I would like to know the thinking behind their decision to 'rename' the bridge and it is a shame that no one actually on the GLSG have answered this discussion. (in contrast, for example to the discussions on Finsbury park, where those involved have been only too happy to engage). It leaves us merely speculating about the reasons. My guess is that the events that led to the setting up of the GLSG saw them wanting to give Green Lanes a more positive image as a shopping street rather than the home of organised crime (not quite Upper Street, but you know what I mean). I don't think the banner has worked and in the process they have diluted down the message that the bridge is the gateway to Harringay.
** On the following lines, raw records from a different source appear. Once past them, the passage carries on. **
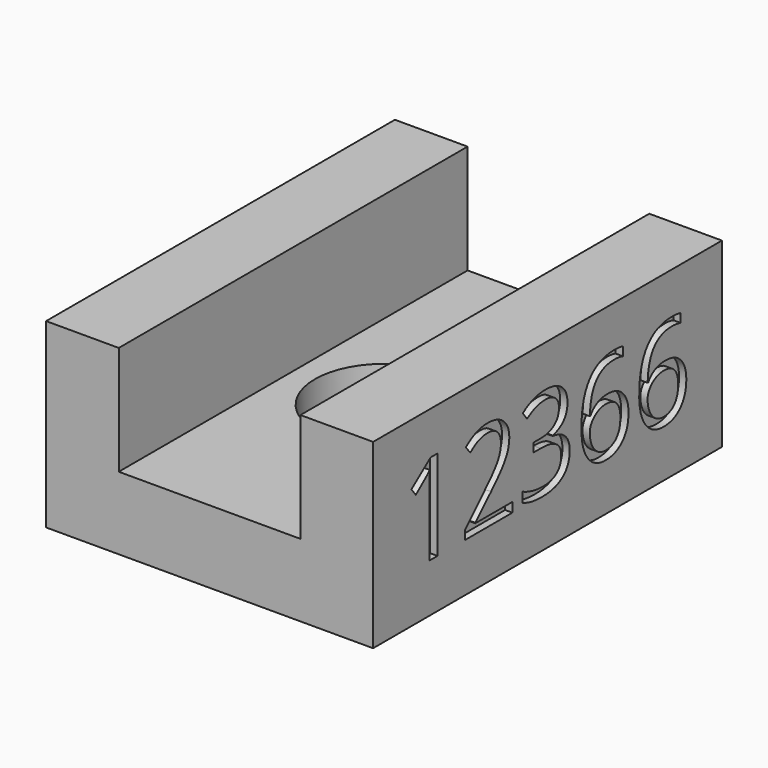
from build123d import *

# Parameters (mm, degrees)
F1_DEPTH     = 60
F2_TEXT_SIZE = 17.3931949125
F3_DEPTH     = 1
F5_DEPTH     = 5.5


# Not quite as in the source:
# - Text() gives the source's letters only with a copy of the font that has no kerning and outlines rounded to 1/6400 em; it was checked with that copy


with BuildPart() as f1:
    # F0 (on Front) → F1 (new body)
    with BuildSketch(Plane.XZ):
        Polygon((-22.5, -12.5), (22.5, -12.5), (22.5, 12.5), (12.5, 12.5), (12.5, -2.5), (-12.5, -2.5), (-12.5, 12.5), (-22.5, 12.5), align=None)
    extrude(amount=F1_DEPTH)

    # F2 (on face) → F3 (cut)
    with BuildSketch(Plane.YZ.offset(22.5)):
        with Locations((-55, -5.8142967637)):
            Text('12366', F2_TEXT_SIZE, font='Open Sans', text_align=(TextAlign.LEFT, TextAlign.BOTTOM))
    extrude(amount=-F3_DEPTH, mode=Mode.SUBTRACT)

    # F4 (on face) → F5 (cut)
    with BuildSketch(Plane.XY.offset(-2.5)):
        with BuildLine():
            Line((0, -39.5), (0, -20.5))
            ThreePointArc((0, -20.5), (-9.5, -30), (0, -39.5))
        make_face()
        with BuildLine():
            ThreePointArc((9.5, -30), (6.7175144213, -23.2824855787), (0, -20.5))
            Line((0, -20.5), (0, -39.5))
            ThreePointArc((0, -39.5), (6.7175144213, -36.7175144213), (9.5, -30))
        make_face()
    extrude(amount=-F5_DEPTH, mode=Mode.SUBTRACT)


solid = f1.part

Linking this to the discussion about the 'neighbourhoods' page on the Haringey website elsewhere on the site, all they have succeeded in doing is confusing people, particularly 'outsiders'. It is hard to build neighbourhood pride around 'Green Lanes' since most of us don't live on it but we all live in Harringay and it is from that angle that things like a local charter etc. can help to engender civic pride.
And here's my best effort at reproducing the TV pic:

I believe if you were to pan down, you would find me staggering home from the Old Ale Emporium underneath it :D
It's grotty, but there's something attractive about the honest Victorian ironwork. I'm sure it wouldn't be too hard to create a grafitti barrier.

Is it true the original banner said " HARRINGAY - YOU'RE WELCOME TO IT " ?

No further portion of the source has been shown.